What needs to be done →
Among the entries below, tally each line containing "lines"; respond with the total only.

[Input for this task]

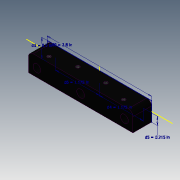
# Autodesk Inventor part: J005362
Saved by Autodesk Inventor 2015 SP1 (Build 190203100, 203)
## iProperties
Created: 2015-08-04
Material: ALUMINUM, 6061-T651
Vendor: HHMI: JRC - ID&F
Document SubType Name: Modeling
Designer: ARNOLDJ
Density: 2.7 g/cm^3
Appearance: Anodized - Black
Mass: 11.5747 g
Surface Area: 48.3947 cm^2
Volume: 9.8929 cm^3
Part Number: J005362
Description: MOUNT STEEL LOCK PLATE TO POSITIONER
Project: P-201804
RuleStatus: InUse
AfterDocSave0: file://Part Number Cleaner
LAB/DEPT: SVOBODA (LAB)
REQUESTING SCIENTIST: SOFRONIEW, NICK
SURFACE ROUGHNESS: 63 Ra
DESIGN DEPARTMENT: HHMI: JRC - ID&F
SPECIAL FINISH: ANODIZE PER MIL-A-8625F, TYPE II, CLASS 2 (BLACK)
ALTERED ITEM PART NUMBER: N/A
ALTERED ITEM VENDOR: N/A
ALTERED ITEM DESCRIPTION: N/A
Revision Number: -
Autodesk Inventor part; units mm, degrees
ref_plane "YZ Plane" through (0, 0, 0) normal (1, 0, 0) x (0, 1, 0)
ref_plane "XZ Plane" through (0, 0, 0) normal (0, 1, 0) x (-1, 0, 0)
ref_plane "XY Plane" through (0, 0, 0) normal (0, 0, 1) x (1, 0, 0)
sketch "Sketch1" plane through (0, 0, 0) normal (0, 0, 1) x (1, 0, 0)
  line L0 (35.56, -6.35) -> (-35.56, -6.35)
  line L1 (-35.56, -6.35) -> (-35.56, 6.35)
  line L2 (-35.56, 6.35) -> (35.56, 6.35)
  line L3 (35.56, 6.35) -> (35.56, -6.35)
  line L4 (35.56, -6.35) -> (-35.56, 6.35) construction
  line L5 (-35.56, -6.35) -> (35.56, 6.35) construction
  line L6 (0, 8.89) -> (0, -8.89) projected
  line L7 (-49.784, 0) -> (49.784, 0) projected
  point P0 (0, 0)
  point P1 (-29.845, -0.889)
  point P2 (0, -0.889)
  point P3 (29.845, -0.889)
  point P4 (0, 0)
  dimension "d0" = 71.12
  dimension "d1" = 12.7
  dimension "d4" = 29.845
  dimension "d5" = 5.461
  dimension "d6" = 29.845
  constraints: 12 end point, 3 midpoint, 2 horizontal alignment, 2 parallel, 1 horizontal, 1 perpendicular, 1 vertical alignment
  measures "d0" distance of L1.end L2.end
  measures "d1" distance of L0.end L1.end
  measures "d4" distance of point (0, -0.889) point (29.845, -0.889)
  measures "d5" distance from line of point (29.845, -0.889) L0
  measures "d6" distance of point (0, -0.889) point (-29.845, -0.889)
extrude "Extrusion1" add sketch "Sketch1" along normal blind 12.7
hole "Hole1" at (-29.845, -0.889, 0) at (0, -0.889, 0) at (29.845, -0.889, 0) direction (0, 0, 1) diameter 5.2578 end through all counterbore diameter 9.525 counterbore depth 5.08
sketch "Sketch2" plane through (0, 0, 0) normal (1, 0, 0) x (0, 1, 0)
  line L0 (-6.35, 0) -> (-6.35, 12.7) projected
  line L1 (-6.35, 12.7) -> (6.35, 12.7) projected
  line L2 (-6.35, 12.7) -> (-7.112, 12.7)
  line L3 (-7.112, 12.7) -> (-7.112, 13.462)
  line L4 (-7.112, 13.462) -> (-6.35, 13.462)
  line L5 (-6.35, 13.462) -> (-6.35, 15.24)
  line L6 (-6.35, 15.24) -> (-8.89, 15.24)
  line L7 (-8.89, 15.24) -> (-8.89, 10.795)
  line L8 (-8.89, 10.795) -> (-6.35, 8.255)
  line L9 (-6.35, 8.255) -> (-6.35, 12.7)
  point P0 (0, 0)
  dimension "d15" = 0.762
  dimension "d16" = 0.762
  dimension "d17" = 2.54
  dimension "d18" = 2.54
  dimension "d19" = 45
  dimension "d20" = 4.445
  constraints: 16 end point, 6 perpendicular, 2 point on line, 1 vertical alignment
  measures "d15" distance of L0.end L2.end
  measures "d16" distance of L2.end L3.end
  measures "d17" distance of L5.end L6.end
  measures "d18" distance between parallel lines of L1 L6
  measures "d19" angle of L0 L8
  measures "d20" distance from line of L8.end L1
extrude "Extrusion2" [suppressed]
sketch "Sketch3" plane through (-35.56, -6.35, 0) normal (0, -1, 0) x (1, 0, 0)
  line L0 (35.56, 15.24) -> (35.56, -2.54) projected
  line L1 (-14.224, 0) -> (85.344, 0) projected
  point P0 (35.56, 0)
  point P1 (26.035, 5.08)
  point P2 (45.085, 5.08)
  point P3 (10.16, 8.89)
  point P4 (60.96, 8.89)
  dimension "d23" = 9.525
  dimension "d24" = 9.525
  dimension "d35" = 8.89
  dimension "d36" = 8.89
  dimension "d37" = 5.08
  dimension "d38" = 15.875
  dimension "d39" = 15.875
  constraints: 1 horizontal alignment
  measures "d23" distance from line of L0 point (26.035, 5.08)
  measures "d24" distance from line of L0 point (45.085, 5.08)
  measures "d35" distance from line of point (10.16, 8.89) L1
  measures "d36" distance from line of point (60.96, 8.89) L1
  measures "d37" distance from line of L1 point (26.035, 5.08)
  measures "d38" horizontal distance of point (26.035, 5.08) point (10.16, 8.89)
  measures "d39" horizontal distance of point (45.085, 5.08) point (60.96, 8.89)
hole "Hole2" at (25.4, -6.35, 8.89) at (9.525, -6.35, 5.08) at (-9.525, -6.35, 5.08) at (-25.4, -6.35, 8.89) direction (0, 1, 0) diameter 2.4638 end through all
fillet "Fillet1" radius 3.175 2 edges at (35.56, 6.35, 6.35) (-35.56, 6.35, 6.35)
body "Solid1"
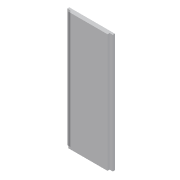
# Autodesk Inventor part: Lid_MaintenanceCover
Saved by Autodesk Inventor 2016 (Build 200138000, 138)
## iProperties
Created: 2016-07-04
Part Number: Lid_MaintenanceCover
Material: Polycarbonat, klar
Document SubType Name: Modeling
Designer: Gero Hofmann
Density: 1.2 g/cm^3
Appearance: Polycarbonat - klar
Author: Gero Hofmann
Autodesk Inventor part; units mm, degrees
ref_plane "YZ Plane" through (0, 0, 0) normal (1, 0, 0) x (0, 1, 0)
ref_plane "XZ Plane" through (0, 0, 0) normal (0, 1, 0) x (-1, 0, 0)
ref_plane "XY Plane" through (0, 0, 0) normal (0, 0, 1) x (1, 0, 0)
sketch "Skizze1" plane through (0, 0, 0) normal (0, 0, 1) x (1, 0, 0)
  line L0 (73, -6) -> (-73, -6)
  line L1 (-73, -6) -> (-73, 6)
  line L2 (-73, 6) -> (73, 6)
  line L3 (73, 6) -> (73, -6)
  line L4 (73, -6) -> (-73, 6) construction
  line L5 (-73, -6) -> (73, 6) construction
  point P0 (0, 0)
  dimension "d0" = 146
  dimension "d1" = 12
  constraints: 12 end point, 2 midpoint, 2 parallel, 1 horizontal, 1 perpendicular
  measures "d0" distance of L1.end L2.end
  measures "d1" distance of L0.end L1.end
extrude "Extrusion1" add sketch "Skizze1" along normal blind 289
sketch "Skizze2" plane through (0, 0, 0) normal (0, 0, -1) x (-1, 0, 0)
  line L0 (-73, -6) -> (-64, -6)
  line L1 (-64, -6) -> (-64, 0)
  line L2 (-64, 0) -> (-73, 0)
  line L3 (-73, 0) -> (-73, -6)
  line L4 (73, -6) -> (64, -6)
  line L5 (64, -6) -> (64, 0)
  line L6 (64, 0) -> (73, 0)
  line L7 (73, 0) -> (73, -6)
  point P0 (0, 0)
  dimension "d4" = 6
  dimension "d5" = 128
  dimension "d6" = 64
  constraints: 16 end point, 5 parallel, 2 horizontal, 2 perpendicular
  measures "d4" distance of L1.end L0.end
  measures "d5" distance between parallel lines of L5 L1
  measures "d6" distance from line of point (0, 0) L1
extrude "Extrusion2" cut sketch "Skizze2" against normal through all
equation "\"d6\" = 0.5 * d5"
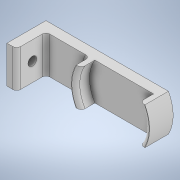
# Autodesk Inventor part: Lid_holder
Saved by Autodesk Inventor 2020 (Build 240168000, 168)
## iProperties
Created: 2023-05-07
Part Number: Lid_holder
Material: Generic
Document SubType Name: Modeling
Designer: DSOB
Density: 1 g/cm^3
Appearance: Default
Author: DSOB
Autodesk Inventor part; units mm, degrees
ref_plane "YZ Plane" through (0, 0, 0) normal (1, 0, 0) x (0, 1, 0)
ref_plane "XZ Plane" through (0, 0, 0) normal (0, 1, 0) x (-1, 0, 0)
ref_plane "XY Plane" through (0, 0, 0) normal (0, 0, 1) x (1, 0, 0)
sketch "Sketch1" plane through (0, 0, 0) normal (0, 0, 1) x (1, 0, 0)
  circle A0 centre (0, 0) radius 17.75
  circle A1 centre (0, 0) radius 20
  dimension "d0" = 35.5
  dimension "d1" = 40
  constraints: 2 centre point, 2 coincident
  measures "d0" diameter of A0
  measures "d1" diameter of A1
extrude "Extrusion1" add sketch "Sketch1" along normal blind 7
sketch "Sketch2" plane through (0, 0, 0) normal (0, 0, -1) x (-1, 0, 0)
  circle A0 centre (0, 0) radius 20 projected
extrude "Extrusion2" add sketch "Sketch2" along normal blind 5
sketch "Sketch3" plane through (0, 0, -5) normal (0, 0, -1) x (-1, 0, 0)
  circle A0 centre (0, 0) radius 20 projected
  line L0 (-17.5997, 9.5) -> (17.5997, 9.5)
  line L1 (-17.5997, -9.5) -> (17.5997, -9.5)
  circle A1 centre (0, 0) radius 20 projected
  line L2 (58, 0) -> (-33, 0) projected
  dimension "d6" = 19
  dimension "d7" = 9.5
  constraints: 4 end point, 4 point on circle, 1 horizontal, 1 parallel
  measures "d6" distance between parallel lines of L1 L0
  measures "d7" distance between parallel lines of L0 L2
extrude "Extrusion3" cut sketch "Sketch3" against normal through all contours L0 A0 | A0 L1
sketch "Sketch4" plane through (0, 0, -5) normal (0, 0, -1) x (-1, 0, 0)
  arc A0 (17.5997, -9.5) -> (17.5997, 9.5) centre (0, 0) ccw projected
  line L0 (17.5997, 9.5) -> (45, 9.5)
  line L1 (45, 9.5) -> (45, -9.5)
  arc A1 (17.5997, -9.5) -> (17.5997, 9.5) centre (0, 0) ccw projected
  line L2 (45, -9.5) -> (17.5997, -9.5)
  line L3 (14.9937, -9.5) -> (-14.9937, -9.5) projected
  arc A2 (-14.9937, 9.5) -> (-14.9937, -9.5) centre (0, 0) ccw projected
  line L4 (-14.9937, 9.5) -> (14.9937, 9.5) projected
  arc A3 (14.9937, -9.5) -> (14.9937, 9.5) centre (0, 0) ccw projected
  dimension "d10" = 90
  dimension "d11" = 45
  constraints: 6 end point, 1 horizontal, 1 perpendicular
  measures "d10" angle of L2 L1
  measures "d11" distance from line of L1 point (0, 0)
extrude "Extrusion4" add sketch "Sketch4" against normal blind 5 contours A0 L0 L1 L2
sketch "Sketch5" plane through (0, 0, 0) normal (0, 0, 1) x (1, 0, 0)
  line L0 (17.5997, -9.5) -> (-45, -9.5) projected
  line L1 (-45, 9.5) -> (17.5997, 9.5) projected
  line L2 (-45, -9.5) -> (-40, -9.5)
  line L3 (-40, -9.5) -> (-40, 9.5)
  line L4 (-40, 9.5) -> (-45, 9.5)
  line L5 (-45, 9.5) -> (-45, -9.5)
  point P0 (0, 0)
  dimension "d14" = 5
  constraints: 8 end point, 2 parallel, 1 horizontal, 1 perpendicular, 1 point on line
  measures "d14" distance between parallel lines of L5 L3
extrude "Extrusion5" add sketch "Sketch5" along normal blind 15
sketch "Sketch6" plane through (-40, -9.5, 0) normal (1, 0, 0) x (0, 0, -1)
  point P0 (0, 9.5)
sketch "Sketch7" plane through (-45, -9.5, -5) normal (-1, 0, 0) x (0, 0, 1)
  line L0 (12, 19) -> (12, 0) projected
  circle A0 centre (12, 9.5) radius 2.25
  point P0 (5, 9.5)
  dimension "d17" = 4.5
  constraints: 1 centre point, 1 midpoint
  measures "d17" diameter of A0
extrude "Extrusion6" cut sketch "Sketch7" against normal up to surface (5 mm away)
fillet "Fillet1" radius 2 1 edges at (-40, 0, 0)
fillet "Fillet2" radius 2 1 edges at (-40, 0, 15)
fillet "Fillet3" radius 2 2 edges at (-17.75, 0, 7) (17.75, 0, 7)
fillet_without_effect "Fillet4"
fillet "Fillet6" radius 2 1 edges at (-20, 0, 0)
body "Solid1"
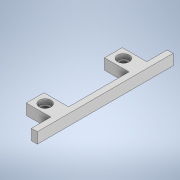
# Autodesk Inventor part: support_2
Saved by Autodesk Inventor 2020 (Build 240168000, 168)
## iProperties
Created: 2019-11-28
Part Number: support_2
Material: Generic
Document SubType Name: Modeling
Designer: sl65b
Density: 1 g/cm^3
Appearance: Default
Author: sl65b
Autodesk Inventor part; units mm, degrees
ref_plane "YZ Plane" through (0, 0, 0) normal (1, 0, 0) x (0, 1, 0)
ref_plane "XZ Plane" through (0, 0, 0) normal (0, 1, 0) x (-1, 0, 0)
ref_plane "XY Plane" through (0, 0, 0) normal (0, 0, 1) x (1, 0, 0)
sketch "Sketch1" plane through (0, 0, 0) normal (0, 1, 0) x (-1, 0, 0)
  line L0 (-9.22, 34.5) -> (9.22, 34.5)
  line L1 (9.22, 34.5) -> (9.22, -34.5)
  line L2 (9.22, -34.5) -> (-9.22, -34.5)
  line L3 (-9.22, -34.5) -> (-9.22, 34.5)
  line L4 (-9.22, 34.5) -> (9.22, -34.5) construction
  line L5 (9.22, 34.5) -> (-9.22, -34.5) construction
  point P0 (0, 0)
  dimension "d0" = 18.44
  dimension "d1" = 69
  constraints: 12 end point, 2 midpoint, 2 parallel, 1 horizontal, 1 perpendicular
  measures "d0" distance of L1.end L2.end
  measures "d1" distance of L0.end L1.end
extrude "Extrusion1" add sketch "Sketch1" along normal blind 5.5
sketch "Sketch4" plane through (0, 5.5, 0) normal (0, 1, 0) x (1, 0, 0)
  circle A0 centre (-1.16, 19.65) radius 2.4879
  line L0 (-9.22, 34.5) -> (-9.22, -34.5) projected
  line L1 (-9.22, -34.5) -> (9.22, -34.5) projected
  point P0 (0, 0)
  dimension "d6" = 8.06
  dimension "d7" = 54.15
  constraints: 1 centre point
  measures "d6" distance from line of L0 A0.centre
  measures "d7" distance from line of L1 A0.centre
hole "Hole1" at (-1.16, 5.5, -19.65) direction (0, -1, 0) diameter 3.5 depth 10.5 tip angle 118 counterbore diameter 6 counterbore depth 2.3
sketch "Sketch5" plane through (0, 5.5, 0) normal (0, 1, 0) x (1, 0, 0)
  circle A0 centre (-1.16, -20.15) radius 2.6607
  line L0 (-9.22, 34.5) -> (-9.22, -34.5) projected
  line L1 (-9.22, -34.5) -> (9.22, -34.5) projected
  point P0 (0, 0)
  dimension "d15" = 8.06
  dimension "d16" = 14.35
  constraints: 1 centre point
  measures "d15" distance from line of L0 A0.centre
  measures "d16" distance from line of L1 A0.centre
hole "Hole2" at (-1.16, 5.5, 20.15) direction (0, -1, 0) diameter 3.5 depth 10.5 tip angle 118 counterbore diameter 6 counterbore depth 2.3
sketch "Sketch6" plane through (0, 5.5, 0) normal (0, 1, 0) x (1, 0, 0)
  line L0 (-9.22, -34.5) -> (9.22, -34.5) projected
  line L1 (-9.22, 34.5) -> (-9.22, -34.5) projected
  line L2 (6.22, -34.5) -> (-9.22, -34.5)
  line L3 (-9.22, -34.5) -> (-9.22, 34.5)
  line L4 (-9.22, 34.5) -> (6.22, 34.5)
  line L5 (6.22, 34.5) -> (6.22, -34.5)
  line L6 (9.22, -34.5) -> (9.22, 34.5) projected
  line L7 (6.22, -15.65) -> (-6.2399, -15.65)
  line L8 (-6.2399, -15.65) -> (-6.2399, -24.65)
  line L9 (-6.2399, -24.65) -> (6.22, -24.65)
  line L10 (6.22, 15.15) -> (-6.2399, 15.15)
  line L11 (-6.2399, 15.15) -> (-6.2399, 24.15)
  line L12 (-6.2399, 24.15) -> (6.22, 24.15)
  circle A0 centre (-1.16, -20.15) radius 3 projected
  circle A1 centre (-1.16, 19.65) radius 3 projected
  point P0 (0, 0)
  dimension "d24" = 3
  dimension "d25" = 9
  dimension "d26" = 9
  dimension "d27" = 4.5
  dimension "d28" = 4.5
  constraints: 20 end point, 7 point on line, 4 perpendicular, 3 parallel, 2 horizontal
  measures "d24" distance between parallel lines of L6 L5
  measures "d25" distance of L7.end L8.end
  measures "d26" distance of L10.end L11.end
  measures "d27" distance from line of L9 A0.centre
  measures "d28" distance from line of L10 A1.centre
extrude "Extrusion2" cut sketch "Sketch6" against normal blind 9 contours L1 L4 L5 L12 L11 L10 L7 L8 L9 L0
body "Solid1"
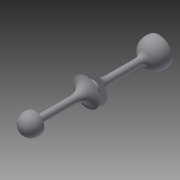
# Autodesk Inventor part: Fish Vertebrae
Saved by Autodesk Inventor 2015 (Build 190159000, 159)
## iProperties
Created: 2014-11-02
Part Number: Fish Vertebrae
Material: Generic
Document SubType Name: Modeling
Designer: Ryan
Density: 1 g/cm^3
Appearance: Default
Mass: 0.782179 g
Surface Area: 11.0524 cm^2
Volume: 0.782179 cm^3
Author: Ryan
Autodesk Inventor part; units mm, degrees
ref_plane "YZ Plane" through (0, 0, 0) normal (1, 0, 0) x (0, 1, 0)
ref_plane "XZ Plane" through (0, 0, 0) normal (0, 1, 0) x (-1, 0, 0)
ref_plane "XY Plane" through (0, 0, 0) normal (0, 0, 1) x (1, 0, 0)
sketch "Sketch1" plane through (0, 0, 0) normal (1, 0, 0) x (0, 1, 0)
  arc A0 (3.5921, 20.32) -> (0, 25.4) centre (0, 21.59) ccw
  arc A1 (3.5921, -25.4) -> (0, -20.32) centre (0, -24.13) ccw
  line L0 (4.9187, -25.4) -> (3.5921, -25.4)
  line L1 (0, 21.59) -> (0, 25.4)
  line L2 (1.27, 17.9531) -> (1.27, 6.4568)
  arc A2 (3.5921, 20.32) -> (1.27, 17.9531) centre (3.6374, 17.9531) ccw
  line L3 (2.54, 1.27) -> (2.54, -1.27)
  line L4 (5.08, -1.27) -> (2.54, -1.27)
  line L5 (5.08, 1.27) -> (2.54, 1.27)
  arc A3 (4.9187, -25.4) -> (2.4811, -19.6971) centre (0, -24.13) ccw
  line L6 (0, 0) -> (0, -20.32)
  line L7 (0, 0) -> (0, 21.59)
  line L8 (1.27, -6.4568) -> (1.27, -17.6313)
  arc A4 (1.27, -17.6313) -> (2.4811, -19.6971) centre (3.6374, -17.6313) ccw
  arc A5 (1.27, 6.4568) -> (5.08, 1.27) centre (6.7056, 6.4568) ccw
  arc A6 (5.08, -1.27) -> (1.27, -6.4568) centre (6.7056, -6.4568) ccw
  dimension "d7" = 7.62
  dimension "d9" = 7.62
  dimension "d17" = 1.27
  dimension "d18" = 1.27
  dimension "d19" = 2.54
  dimension "d21" = 25.4
  dimension "d22" = 25.4
  dimension "d23" = 1.27
  dimension "d24" = 1.27
  dimension "d25" = 5.08
  dimension "d26" = 5.08
  dimension "d27" = 5.08
  constraints: 18 end point, 14 point on circle, 7 centre point, 5 tangent, 4 vertical, 3 vertical alignment, 2 horizontal, 1 coincident, 1 collinear, 1 parallel, 1 point on line
  measures "d7" diameter of A0
  measures "d9" diameter of A1
  measures "d17" vertical distance of L6.start L3.start
  measures "d18" vertical distance of L3.end L6.start
  measures "d19" distance between parallel lines of L7 L3
  measures "d21" distance of L1.end L6.start
  measures "d22" distance from line of L6.start L0
  measures "d23" distance between parallel lines of L7 L2
  measures "d24" radial gap between concentric circles of A1 A3
  measures "d25" vertical distance of L6.end L0.end
  measures "d26" vertical distance of L1.end A0.start
  measures "d27" distance from line of L6 L4.start
revolve "Revolution1" add sketch "Sketch1" angle 360 about axis through (0, 0, 0) along (0, 0, 1)
body "Solid1"

[/Input for this task]

Task response →
8